Is there such a thing as good debt? I think that’s actually the wrong question. Debt, by itself, isn’t really good or bad – it’s not even human.   .       . Let’s back up even further, and see what the Bible has to say about debt.


I am not a Bible scholar, but I have read the entire Bible and don’t believe the Bible explicitly forbids debt; therefore I don’t think it is inherently wrong/sinful (not a salvation issue); however, the Bible does have a lot to say about debt. Specifically it warns against going into debt and has some pretty harsh words for those who borrow and don’t pay back.


The rich rules over the poor, and the borrower is servant to the lender

Proverbs 22:7


the wicked borrows but doesn’t pay back, but the righteous is generous and gives

Psalm 37:21


Let’s ask a different question, is it a smart idea to go into debt?


A: probably not. Let’s start specifically with an example of when I think debt is an especially bad idea. I do not recommend going into debt for a depreciating asset. We covered that in a recent post about cars (see link below).


I think mathematically this inherently decreases your net worth – that’s bad.   .     .


I think it’s also a bad idea to co-sign for someone else’s debt. Co-signing (or surety) is a formal commitment to guaranty someone else’s debt. Essentially you are going into debt with (and for) someone else – someone the bank considers to be a risky investment (otherwise they wouldn’t need someone to co-sign). You’re probably not smarter than the bank.    .       .


it’s a dangerous thing to guarantee payment for someone’s debts. Don’t do it!

Proverbs 11:15


Q: is there ever a situation when it is “acceptable” to go into debt?

A: maybe.


I will start with an example. I would prefer that everyone save up and pay cash for a house – but that’s probably not realistic – especially in certain housing markets. I am personally comfortable with a 15-year mortgage on a house – especially if someone has a reasonable down-payment.  why? because houses tend to appreciate – at least at the rate of inflation and because housing is something everyone needs.  Plus, you can save a tremendous amount of interest on a 15-year mortgage vs. a traditional 30-year mortgage.  Additionally, there is a significant tax advantage to purchasing a home (vs. renting).  I believe purchasing a home is a better “deal” (vs. renting), as long as you plan to live in your house for at least 5 years – otherwise, you are probably better off renting.

Now that we have established what is a really bad idea – going into debt for depreciating assets or to guarantee another’s debt, and an acceptable situation – a 15-year mortgage for a house – what about going into debt as an “investment”?

After all, I believe this is essentially Robert Kiyosaki’s advice – use debt to buy investment real estate and get rich.   .     . Mathematically, I won’t argue with the power of leverage – certainly some businesses (as well as some individuals) have made this wager and consequently made a handsome profit in the process. Some rich people, the argument goes, have made this strategy work; therefore, so should you.
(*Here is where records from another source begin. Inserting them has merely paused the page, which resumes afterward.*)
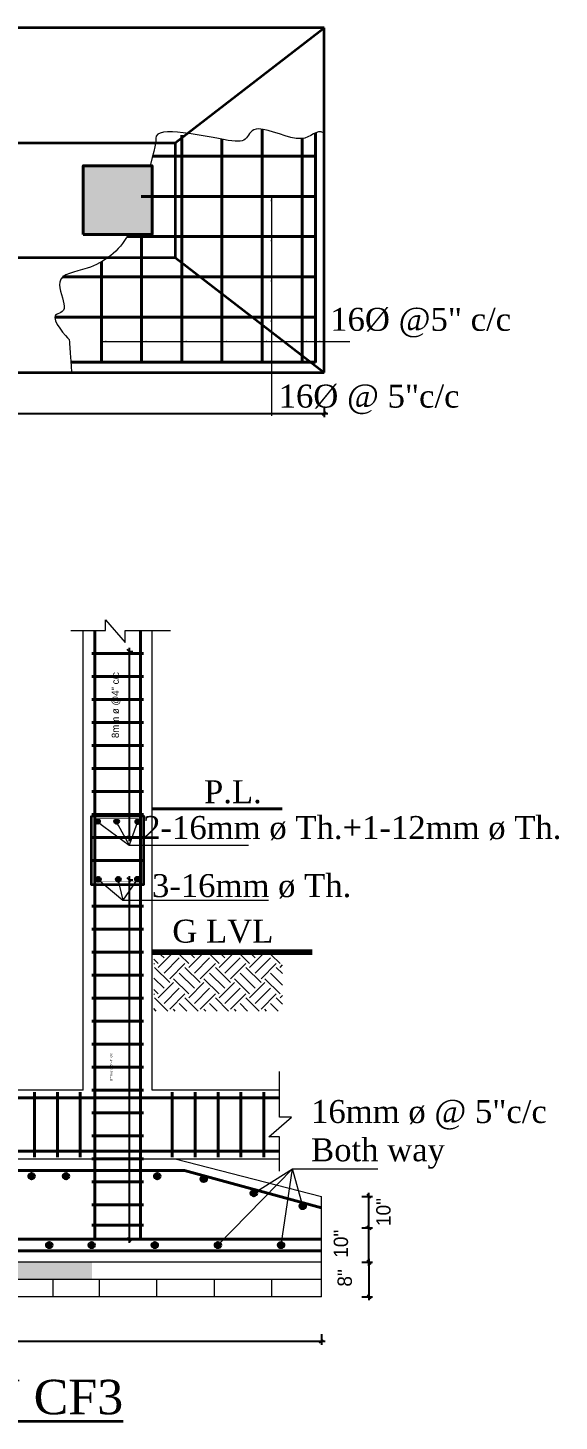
# Model space of a CAD drawing. Header units: inches. Extents: x -12073856 to 12321241, y -1226296 to 1319224.
# Drawn here: x 126376 to 126598, y 47367 to 47950 of the extents above; entities that cross this region are included whole.
import ezdxf
from ezdxf.enums import TextEntityAlignment as Align

# ---------------------------------------------------------------- set-up
doc = ezdxf.new("R2010")
doc.units = ezdxf.units.IN
doc.header["$MEASUREMENT"] = 0
doc.header["$PDMODE"] = 35
for name, color, linetype, lineweight in [('Column', 181, 'Continuous', 40), ('DIM_LINE', 173, 'Continuous', 20), ('HACTH', 253, 'Continuous', 5), ('Hatch', 9, 'Continuous', 9), ('ST-REINFOR', 201, 'Continuous', 40), ('TEXT', 255, 'Continuous', 35), ('TRENCH', 1, 'Continuous', 35), ('WALL ELV', 20, 'Continuous', 20), ('WALL SEC', 2, 'Continuous', 35)]:
    doc.layers.add(name, color=color, linetype=linetype, lineweight=lineweight)
doc.styles.add('NIR', font='COPRGTL.TTF')
doc.styles.add('ordinary', font='times.ttf')
doc.styles.get("Standard").update_dxf_attribs({"font": 'arial.ttf'})
doc.styles.add('TIMES 48', font='times.ttf', dxfattribs={"height": 4})
doc.dimstyles.new('Copy of Standard', dxfattribs={"dimtxt": 12, "dimasz": 4, "dimexe": 0, "dimexo": 6, "dimgap": 3, "dimtad": 1, "dimdec": 0, "dimzin": 0, "dimdsep": 46, "dimlunit": 4, "dimtxsty": 'Standard', "dimblk": 'ARCHTICK', "dimcen": 0.09, "dimdle": 3, "dimclrd": 256, "dimadec": 0, "dimazin": 0, "dimtfac": 1, "dimtdec": 0, "dimtofl": 0, "dimtmove": 0, "dimatfit": 3, "dimfxl": 1, "dimfxlon": 1, "dimtolj": 1, "dimtzin": 0, "dimlwd": -1, "dimarcsym": 0})
doc.dimstyles.new('nir 48', dxfattribs={"dimscale": 0.5, "dimtxt": 24, "dimasz": 3, "dimexe": 3, "dimexo": 6, "dimgap": 2, "dimtad": 3, "dimdec": 0, "dimzin": 3, "dimlunit": 4, "dimtxsty": 'NIR', "dimblk": 'OBLIQUE', "dimcen": 2.5, "dimdle": 3, "dimclrt": 3, "dimadec": 0, "dimazin": 0, "dimtfac": 1, "dimtdec": 0, "dimtmove": 2, "dimatfit": 3, "dimfxl": 1, "dimarcsym": 0})

# ---------------------------------------------------------------- blocks, each defined once
blk = doc.blocks.new('A$C269C7F18')
at = {"layer": 'Column'}
h = blk.add_hatch(color=256, dxfattribs=at)
h.paths.add_polyline_path([(12, 12), (8.85, 12), (8.86, 6), (12, 6)])
h.paths.add_polyline_path([(5.74, 12), (0, 12), (0, 6), (5.75, 6)])
h.paths.add_polyline_path([(8.85, 12), (5.74, 12), (5.75, 6), (8.86, 6)])
h.paths.add_polyline_path([(5.75, 6), (0, 6), (0, 0), (5.76, 0)])
h.paths.add_polyline_path([(8.86, 6), (5.75, 6), (5.76, 0), (8.87, 0)])
h.paths.add_polyline_path([(12, 6), (8.86, 6), (8.87, 0), (12, 0)])
blk.add_lwpolyline([(0, 0), (12, 0), (12, 12), (0, 12)], close=True, dxfattribs=at)
blk = doc.blocks.new('_ArchTick')
at = {"color": 0, "linetype": 'ByBlock', "const_width": 0.15}
blk.add_lwpolyline([(-0.5, -0.5), (0.5, 0.5)], dxfattribs=at)
blk = doc.blocks.new('_Oblique')
at = {"color": 0, "linetype": 'ByBlock', "lineweight": -2}
blk.add_line((-0.5, -0.5), (0.5, 0.5), dxfattribs=at)
blk = doc.blocks.new('*D2532')
at = {"layer": 'Defpoints', "color": 0, "transparency": 16777216}
for p in [(126417.65, 47689.24), (126418.11, 47611.44), (126418.11, 47611.44)]:
    blk.add_point(p, dxfattribs=at)
at = {"layer": 'DIM_LINE', "color": 0, "linetype": 'ByBlock', "lineweight": -2, "transparency": 16777216}
blk.add_line((126418.11, 47690.74), (126418.11, 47609.94), dxfattribs=at)
at = {"layer": 'DIM_LINE', "color": 0, "lineweight": -2, "transparency": 16777216}
for p, q in [((126418.11, 47689.24), (126419.61, 47689.24)), ((126418.11, 47611.44), (126416.61, 47611.44))]:
    blk.add_line(p, q, dxfattribs=at)
at = {"layer": 'DIM_LINE', "color": 0, "lineweight": -2, "transparency": 16777216, "xscale": 1.5, "yscale": 1.5, "zscale": 1.5}
for p, rotation in [((126418.11, 47689.24), 90), ((126418.11, 47611.44), 270)]:
    blk.add_blockref('_Oblique', p, dxfattribs=dict(at, rotation=rotation))
at = {"layer": 'DIM_LINE', "color": 3, "transparency": 16777216, "insert": (126412.65, 47666.77), "char_height": 3, "attachment_point": 5, "rotation": 90, "style": 'NIR'}
blk.add_mtext('8mm ø @4" c/c', dxfattribs=at)
blk = doc.blocks.new('*D2533')
at = {"layer": 'Defpoints', "color": 0, "transparency": 16777216}
for p in [(126415.71, 47593.79), (126418.11, 47443.48), (126422.91, 47443.48)]:
    blk.add_point(p, dxfattribs=at)
at = {"layer": 'DIM_LINE', "color": 0, "linetype": 'ByBlock', "lineweight": -2, "transparency": 16777216}
blk.add_line((126418.11, 47595.29), (126418.11, 47441.98), dxfattribs=at)
at = {"layer": 'DIM_LINE', "color": 0, "lineweight": -2, "transparency": 16777216}
for p, q in [((126418.11, 47593.79), (126419.61, 47593.79)), ((126419.91, 47443.48), (126416.61, 47443.48))]:
    blk.add_line(p, q, dxfattribs=at)
at = {"layer": 'DIM_LINE', "color": 0, "lineweight": -2, "transparency": 16777216, "xscale": 1.5, "yscale": 1.5, "zscale": 1.5}
for p, rotation in [((126418.11, 47593.79), 90), ((126418.11, 47443.48), 270)]:
    blk.add_blockref('_Oblique', p, dxfattribs=dict(at, rotation=rotation))
at = {"layer": 'DIM_LINE', "color": 3, "transparency": 16777216, "insert": (126410.69, 47515.48), "char_height": 1, "attachment_point": 5, "rotation": 90, "style": 'NIR'}
blk.add_mtext('8mm ø @6"+4" c/c', dxfattribs=at)
blk = doc.blocks.new('*D2535')
at = {"layer": 'Defpoints', "color": 0, "transparency": 16777216}
for p in [(126474.13, 47433.88), (126474.13, 47419.48), (126518.4, 47419.48)]:
    blk.add_point(p, dxfattribs=at)
at = {"layer": 'DIM_LINE', "color": 0, "lineweight": -2, "transparency": 16777216}
for p, q in [((126515.4, 47433.88), (126519.9, 47433.88)), ((126515.4, 47419.48), (126519.9, 47419.48))]:
    blk.add_line(p, q, dxfattribs=at)
at = {"layer": 'DIM_LINE', "color": 0, "linetype": 'ByBlock', "lineweight": -2, "transparency": 16777216}
blk.add_line((126518.4, 47435.38), (126518.4, 47417.98), dxfattribs=at)
at = {"layer": 'DIM_LINE', "color": 0, "lineweight": -2, "transparency": 16777216, "xscale": 1.5, "yscale": 1.5, "zscale": 1.5}
for p, rotation in [((126518.4, 47433.88), 90), ((126518.4, 47419.48), 270)]:
    blk.add_blockref('_Oblique', p, dxfattribs=dict(at, rotation=rotation))
at = {"layer": 'DIM_LINE', "color": 3, "transparency": 16777216, "insert": (126508.31, 47427.34), "char_height": 6, "attachment_point": 5, "rotation": 90, "style": 'NIR'}
blk.add_mtext('8"', dxfattribs=at)
blk = doc.blocks.new('*D2536')
at = {"layer": 'Defpoints', "color": 0, "transparency": 16777216}
for p in [(126474.41, 47448.28), (126518.4, 47448.28), (126454.26, 47433.88)]:
    blk.add_point(p, dxfattribs=at)
at = {"layer": 'DIM_LINE', "color": 0, "linetype": 'ByBlock', "lineweight": -2, "transparency": 16777216}
blk.add_line((126518.4, 47432.38), (126518.4, 47449.78), dxfattribs=at)
at = {"layer": 'DIM_LINE', "color": 0, "lineweight": -2, "transparency": 16777216}
for p, q in [((126515.4, 47448.28), (126519.9, 47448.28)), ((126515.4, 47433.88), (126519.9, 47433.88))]:
    blk.add_line(p, q, dxfattribs=at)
at = {"layer": 'DIM_LINE', "color": 0, "lineweight": -2, "transparency": 16777216, "xscale": 1.5, "yscale": 1.5, "zscale": 1.5}
for p, rotation in [((126518.4, 47448.28), 90), ((126518.4, 47433.88), 270)]:
    blk.add_blockref('_Oblique', p, dxfattribs=dict(at, rotation=rotation))
at = {"layer": 'DIM_LINE', "color": 3, "transparency": 16777216, "insert": (126506.71, 47441.61), "char_height": 6, "attachment_point": 5, "rotation": 90, "style": 'NIR'}
blk.add_mtext('10"', dxfattribs=at)
blk = doc.blocks.new('*D2526')
at = {"layer": 'Defpoints', "color": 0, "transparency": 16777216}
for p in [(126110.59, 47805.83), (126499.71, 47805.83), (126499.71, 47788.64)]:
    blk.add_point(p, dxfattribs=at)
at = {"layer": 'DIM_LINE', "color": 0, "linetype": 'ByBlock', "lineweight": -2, "transparency": 16777216}
blk.add_line((126109.09, 47788.64), (126501.21, 47788.64), dxfattribs=at)
at = {"layer": 'DIM_LINE', "color": 0, "lineweight": -2, "transparency": 16777216}
for p, q in [((126110.59, 47791.64), (126110.59, 47787.14)), ((126499.71, 47791.64), (126499.71, 47787.14))]:
    blk.add_line(p, q, dxfattribs=at)
at = {"layer": 'DIM_LINE', "color": 0, "lineweight": -2, "transparency": 16777216, "xscale": 1.5, "yscale": 1.5, "zscale": 1.5, "rotation": 180}
blk.add_blockref('_Oblique', (126110.59, 47788.64), dxfattribs=at)
at = {"layer": 'DIM_LINE', "color": 0, "lineweight": -2, "transparency": 16777216, "xscale": 1.5, "yscale": 1.5, "zscale": 1.5}
blk.add_blockref('_Oblique', (126499.71, 47788.64), dxfattribs=at)
at = {"layer": 'DIM_LINE', "color": 3, "transparency": 16777216, "insert": (126305.15, 47792.92), "char_height": 6, "attachment_point": 5, "style": 'NIR'}
blk.add_mtext('21\'-7"', dxfattribs=at)
blk = doc.blocks.new('*D2527')
at = {"layer": 'Defpoints', "color": 0, "transparency": 16777216}
for p in [(126109.43, 47419.48), (126498.55, 47419.48), (126498.55, 47400.9)]:
    blk.add_point(p, dxfattribs=at)
at = {"layer": 'DIM_LINE', "color": 0, "lineweight": -2, "transparency": 16777216}
for p, q in [((126109.43, 47403.9), (126109.43, 47399.4)), ((126498.55, 47403.9), (126498.55, 47399.4))]:
    blk.add_line(p, q, dxfattribs=at)
at = {"layer": 'DIM_LINE', "color": 0, "linetype": 'ByBlock', "lineweight": -2, "transparency": 16777216}
blk.add_line((126107.93, 47400.9), (126500.05, 47400.9), dxfattribs=at)
at = {"layer": 'DIM_LINE', "color": 0, "lineweight": -2, "transparency": 16777216, "xscale": 1.5, "yscale": 1.5, "zscale": 1.5, "rotation": 180}
blk.add_blockref('_Oblique', (126109.43, 47400.9), dxfattribs=at)
at = {"layer": 'DIM_LINE', "color": 0, "lineweight": -2, "transparency": 16777216, "xscale": 1.5, "yscale": 1.5, "zscale": 1.5}
blk.add_blockref('_Oblique', (126498.55, 47400.9), dxfattribs=at)
at = {"layer": 'DIM_LINE', "color": 3, "transparency": 16777216, "insert": (126303.99, 47405.18), "char_height": 6, "attachment_point": 5, "style": 'NIR'}
blk.add_mtext('21\'-7"', dxfattribs=at)
blk = doc.blocks.new('*D2528')
at = {"layer": 'Defpoints', "color": 0, "transparency": 16777216}
for p in [(126498.55, 47461.44), (126518.39, 47461.44), (126518.4, 47448.28)]:
    blk.add_point(p, dxfattribs=at)
at = {"layer": 'DIM_LINE', "color": 0, "lineweight": -2, "transparency": 16777216}
for p, q in [((126515.39, 47461.44), (126519.89, 47461.44)), ((126518.39, 47448.28), (126516.89, 47448.28))]:
    blk.add_line(p, q, dxfattribs=at)
at = {"layer": 'DIM_LINE', "color": 0, "linetype": 'ByBlock', "lineweight": -2, "transparency": 16777216}
blk.add_line((126518.39, 47446.78), (126518.39, 47462.94), dxfattribs=at)
at = {"layer": 'DIM_LINE', "color": 0, "lineweight": -2, "transparency": 16777216, "xscale": 1.5, "yscale": 1.5, "zscale": 1.5}
for p, rotation in [((126518.39, 47461.44), 90), ((126518.39, 47448.28), 270)]:
    blk.add_blockref('_Oblique', p, dxfattribs=dict(at, rotation=rotation))
at = {"layer": 'DIM_LINE', "color": 3, "transparency": 16777216, "insert": (126524.49, 47454.86), "char_height": 6, "attachment_point": 5, "rotation": 90, "style": 'NIR'}
blk.add_mtext('10"', dxfattribs=at)

msp = doc.modelspace()

# ---------------------------------------------------------------- hatches: boundary and pattern name
at = {"layer": 'HACTH'}
h = msp.add_hatch(dxfattribs=at)
h.set_pattern_fill('AR-CONC', color=256, scale=1.2, style=0)
h.set_pattern_definition([(50, (-43987.848, 219503.0096), (8.6071222, -0.75302562), [0.9, -9.9]), (355, (-43987.848, 219503.0096), (-1.665016, 9.0263056), [0.72, -7.92]), (100.4514, (-43987.1305, 219502.947), (6.94211258, 8.2732745), [0.76488228, -8.41370534]), (46.1842, (-43987.848, 219505.41), (12.8068926, -1.98622817), [1.35, -14.85]), (96.6356, (-43986.78, 219505.244), (11.21595247, 11.68941445), [1.14732346, -12.620556]), (351.1842, (-43987.848, 219505.41), (11.21594334, 11.6894232), [1.08, -11.88]), (21, (-43986.648, 219504.8096), (7.16288463, -4.83142669), [0.9, -9.9]), (326, (-43986.648, 219504.8096), (2.91978398, 8.70180054), [0.72, -7.92]), (71.4514, (-43986.051, 219504.407), (10.08267154, 3.87036596), [0.76488228, -8.41370534]), (37.5, (-43987.8478, 219503.0096), (0.145918264, 3.994726246), [0, -7.824, 0, -8.04, 0, -7.95]), (7.5, (-43987.848, 219503.0096), (3.15683445, 4.73294054), [0, -4.584, 0, -7.644, 0, -3.03]), (327.5, (-43990.5238, 219503.0096), (6.405869234, -0.27065846), [0, -3, 0, -9.36, 0, -12.42]), (317.5, (-43991.724, 219503.0096), (6.99823403, 1.20125979), [0, -3.9, 0, -6.216, 0, -8.82])])
h.paths.add_polyline_path([(126109.43, 47433.88), (126109.43, 47426.68), (126402.55, 47426.68), (126402.55, 47433.88)])
at = {"layer": 'Hatch'}
h = msp.add_hatch(dxfattribs=at)
h.set_pattern_fill('EARTH', color=256, scale=36, angle=45, style=0)
h.set_pattern_definition([(45, (38879.706, 7650.341), (1e-15, 12.7279221), [9, -9]), (45, (38877.319, 7652.727), (1e-15, 12.7279221), [9, -9]), (45, (38874.933, 7655.114), (1e-15, 12.7279221), [9, -9]), (135, (38874.933, 7656.705), (-12.7279221, 1e-15), [9, -9]), (135, (38877.319, 7659.091), (-12.7279221, 1e-15), [9, -9]), (135, (38879.706, 7661.478), (-12.7279221, 1e-15), [9, -9])])
h.paths.add_polyline_path([(126482.25, 47562.43), (126428.48, 47562.43), (126428.48, 47538.9), (126482.25, 47538.9)])
at = {"layer": 'WALL SEC'}
for points in [[(126403.99, 47618.15, 1), (126405.72, 47618.15, 1)], [(126403.99, 47618.15, 1), (126405.72, 47618.15, 1)], [(126405.76, 47618.15, -1), (126404.03, 47618.15, -1)], [(126412.03, 47618.15, 1), (126413.76, 47618.15, 1)], [(126412.03, 47618.15, 1), (126413.76, 47618.15, 1)], [(126413.79, 47618.15, -1), (126412.06, 47618.15, -1)], [(126420.92, 47618.02, 1), (126422.64, 47618.02, 1)], [(126420.92, 47618.02, 1), (126422.64, 47618.02, 1)], [(126422.68, 47618.02, -1), (126420.95, 47618.02, -1)], [(126404.34, 47593.94, 1), (126406.06, 47593.94, 1)], [(126404.34, 47593.94, 1), (126406.06, 47593.94, 1)], [(126406.1, 47593.94, -1), (126404.37, 47593.94, -1)], [(126412.74, 47593.94, 1), (126414.46, 47593.94, 1)], [(126412.74, 47593.94, 1), (126414.46, 47593.94, 1)], [(126414.5, 47593.94, -1), (126412.77, 47593.94, -1)], [(126420.73, 47594.01, 1), (126422.46, 47594.01, 1)], [(126420.73, 47594.01, 1), (126422.46, 47594.01, 1)], [(126422.5, 47594.01, -1), (126420.77, 47594.01, -1)], [(126378.52, 47469.89, -1), (126376.12, 47469.89, -1)], [(126392.92, 47469.89, -1), (126390.52, 47469.89, -1)], [(126431.09, 47469.89, -1), (126428.69, 47469.89, -1)], [(126450.52, 47468.69, -1), (126448.12, 47468.69, -1)], [(126471.48, 47462.72, -1), (126469.08, 47462.72, -1)], [(126491.91, 47457.37, -1), (126489.51, 47457.37, -1)], [(126383.51, 47441.06, -1), (126385.91, 47441.06, -1)], [(126401.25, 47441.06, -1), (126403.65, 47441.06, -1)], [(126427.65, 47441.06, -1), (126430.05, 47441.06, -1)], [(126454.05, 47441.06, -1), (126456.45, 47441.06, -1)], [(126480.45, 47441.06, -1), (126482.85, 47441.06, -1)]]:
    msp.add_hatch(color=256, dxfattribs=at).paths.add_polyline_path(points)

# ---------------------------------------------------------------- linework, layer by layer
at = {"layer": 'Column'}
msp.add_lwpolyline([(126398.91, 47863.43), (126427.71, 47863.43), (126427.71, 47892.23), (126398.91, 47892.23), (126398.91, 47863.43)], dxfattribs=at)
msp.add_lwpolyline([(126398.91, 47863.43), (126427.71, 47863.43), (126427.71, 47892.23), (126398.91, 47892.23)], close=True, dxfattribs=at)
at = {"layer": 'Column', "const_width": 0.24}
msp.add_lwpolyline([(126404.83, 47619.28), (126421.79, 47619.28, -0.414214), (126422.99, 47618.08), (126422.99, 47594.08, -0.414214), (126421.79, 47592.88), (126404.83, 47592.88, -0.414214), (126403.63, 47594.08), (126403.63, 47618.08, -0.414214)], format="xyb", close=True, dxfattribs=at)
at = {"layer": 'DIM_LINE'}
msp.add_line((126422.99, 47618.08), (126422.09, 47616.82), dxfattribs=at)
at = {"layer": 'DIM_LINE', "const_width": 2.4}
msp.add_lwpolyline([(126494.73, 47563.48), (126427.71, 47563.48)], dxfattribs=at)
at = {"layer": 'DIM_LINE'}
for points, knots in [([(126499.71, 47905.88), (126495.99, 47907.71), (126492.89, 47899.4), (126470.24, 47910.8), (126467.3, 47902.35), (126460.34, 47901.84), (126426.71, 47909.94), (126429.62, 47902.39), (126426.93, 47892.23)], [37.108323, 37.108323, 37.108323, 37.108323, 43.242576, 49.95234, 54.997892, 60.978869, 73.418852, 74.68227, 74.68227, 74.68227, 74.68227]), ([(126417.73, 47863.43), (126414.06, 47856.46), (126402.7, 47848.14), (126385.62, 47847.03), (126393.57, 47830.35), (126382.27, 47831.17), (126393.12, 47819.42), (126393.11, 47819.42), (126394.08, 47806.12)], [34.328629, 34.328629, 34.328629, 34.328629, 43.242576, 49.95234, 54.997892, 60.978869, 73.418852, 75.377123, 75.377123, 75.377123, 75.377123])]:
    msp.add_open_spline(points, degree=3, knots=knots, dxfattribs=at)
at = {"layer": 'HACTH'}
for p, q in [((126386.31, 47419.48), (126386.31, 47426.68)), ((126405.75, 47419.48), (126405.75, 47426.68)), ((126429.75, 47419.48), (126429.75, 47426.68)), ((126453.75, 47419.48), (126453.75, 47426.68)), ((126477.75, 47419.48), (126477.75, 47426.68))]:
    msp.add_line(p, q, dxfattribs=at)
at = {"layer": 'Hatch', "linetype": 'Continuous'}
for points in [[(126393.77, 47697.88), (126408.17, 47697.88), (126408.17, 47702.42), (126416.39, 47692.96), (126416.4, 47697.88), (126435.4, 47697.88)], [(126481.07, 47471.94), (126481.07, 47486.34), (126476.53, 47486.33), (126485.99, 47494.56), (126481.07, 47494.56), (126481.07, 47513.57)]]:
    msp.add_lwpolyline(points, dxfattribs=at)
at = {"layer": 'ST-REINFOR'}
for p, q in [((126440.14, 47810.05), (126440.15, 47904.92)), ((126473.74, 47810.05), (126473.75, 47907.47)), ((126490.54, 47810.05), (126490.55, 47903.58)), ((126496.04, 47809.94), (126496.05, 47905.94)), ((126456.94, 47810.05), (126456.95, 47903.26)), ((126427.94, 47896.16), (126496.05, 47896.16)), ((126423.2, 47879.36), (126496.05, 47879.36)), ((126423.34, 47810.06), (126423.35, 47863.43)), ((126417.26, 47862.56), (126496.05, 47862.56)), ((126406.54, 47810.06), (126406.55, 47852.05)), ((126390.42, 47845.76), (126496.05, 47845.76)), ((126387.02, 47828.96), (126496.05, 47828.96)), ((126393.8, 47810.06), (126496.05, 47810.06)), ((126403.71, 47443.48), (126403.71, 47697.88)), ((126422.91, 47443.48), (126422.91, 47697.88)), ((126402.51, 47688.28), (126424.11, 47688.28)), ((126402.51, 47678.68), (126424.11, 47678.68)), ((126402.51, 47669.08), (126424.11, 47669.08)), ((126402.51, 47659.48), (126424.11, 47659.48)), ((126402.51, 47649.88), (126424.11, 47649.88)), ((126402.51, 47640.28), (126424.11, 47640.28)), ((126402.51, 47630.68), (126424.11, 47630.68)), ((126402.51, 47621.08), (126424.11, 47621.08)), ((126482.15, 47623.48), (126427.71, 47623.48)), ((126402.51, 47611.48), (126424.11, 47611.48)), ((126402.51, 47601.88), (126424.11, 47601.88)), ((126402.51, 47582.68), (126424.11, 47582.68)), ((126402.51, 47573.08), (126424.11, 47573.08)), ((126402.51, 47563.48), (126424.11, 47563.48)), ((126402.51, 47553.88), (126424.11, 47553.88)), ((126402.51, 47544.28), (126424.11, 47544.28)), ((126402.51, 47534.68), (126424.11, 47534.68)), ((126402.51, 47525.08), (126424.11, 47525.08)), ((126402.51, 47515.48), (126424.11, 47515.48)), ((126109.43, 47502.55), (126481.07, 47502.55)), ((126378.5, 47505.03), (126378.5, 47477.78)), ((126388.1, 47505.03), (126388.1, 47477.78)), ((126397.7, 47505.03), (126397.7, 47477.78)), ((126402.51, 47505.88), (126424.11, 47505.88)), ((126436.1, 47505.03), (126436.1, 47477.78)), ((126445.7, 47505.03), (126445.7, 47477.78)), ((126455.3, 47505.03), (126455.3, 47477.78)), ((126464.9, 47505.03), (126464.9, 47477.78)), ((126474.5, 47505.03), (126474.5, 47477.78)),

I will concede that some have made it big as a result of leveraging debt; however, just because someone else did it, doesn’t make it a smart, or even moral, strategy – for all to follow.

Sure some businesses (and some individuals) have used debt to get rich. Mr. Kiyosaki advocates using this leverage model in real estate. I presume the fall back position, if the real estate market turns south, is you can always declare bankruptcy – that may be legal, but I would argue it’s clearly wrong to not pay back your debts – I think the Bible is pretty clear about that. Also, this strategy, assumes you know what the future holds – for example, that real estate prices won’t collapse, or that your rental investment won’t require significant repairs, etc. Let’s see what the Bible says about the future.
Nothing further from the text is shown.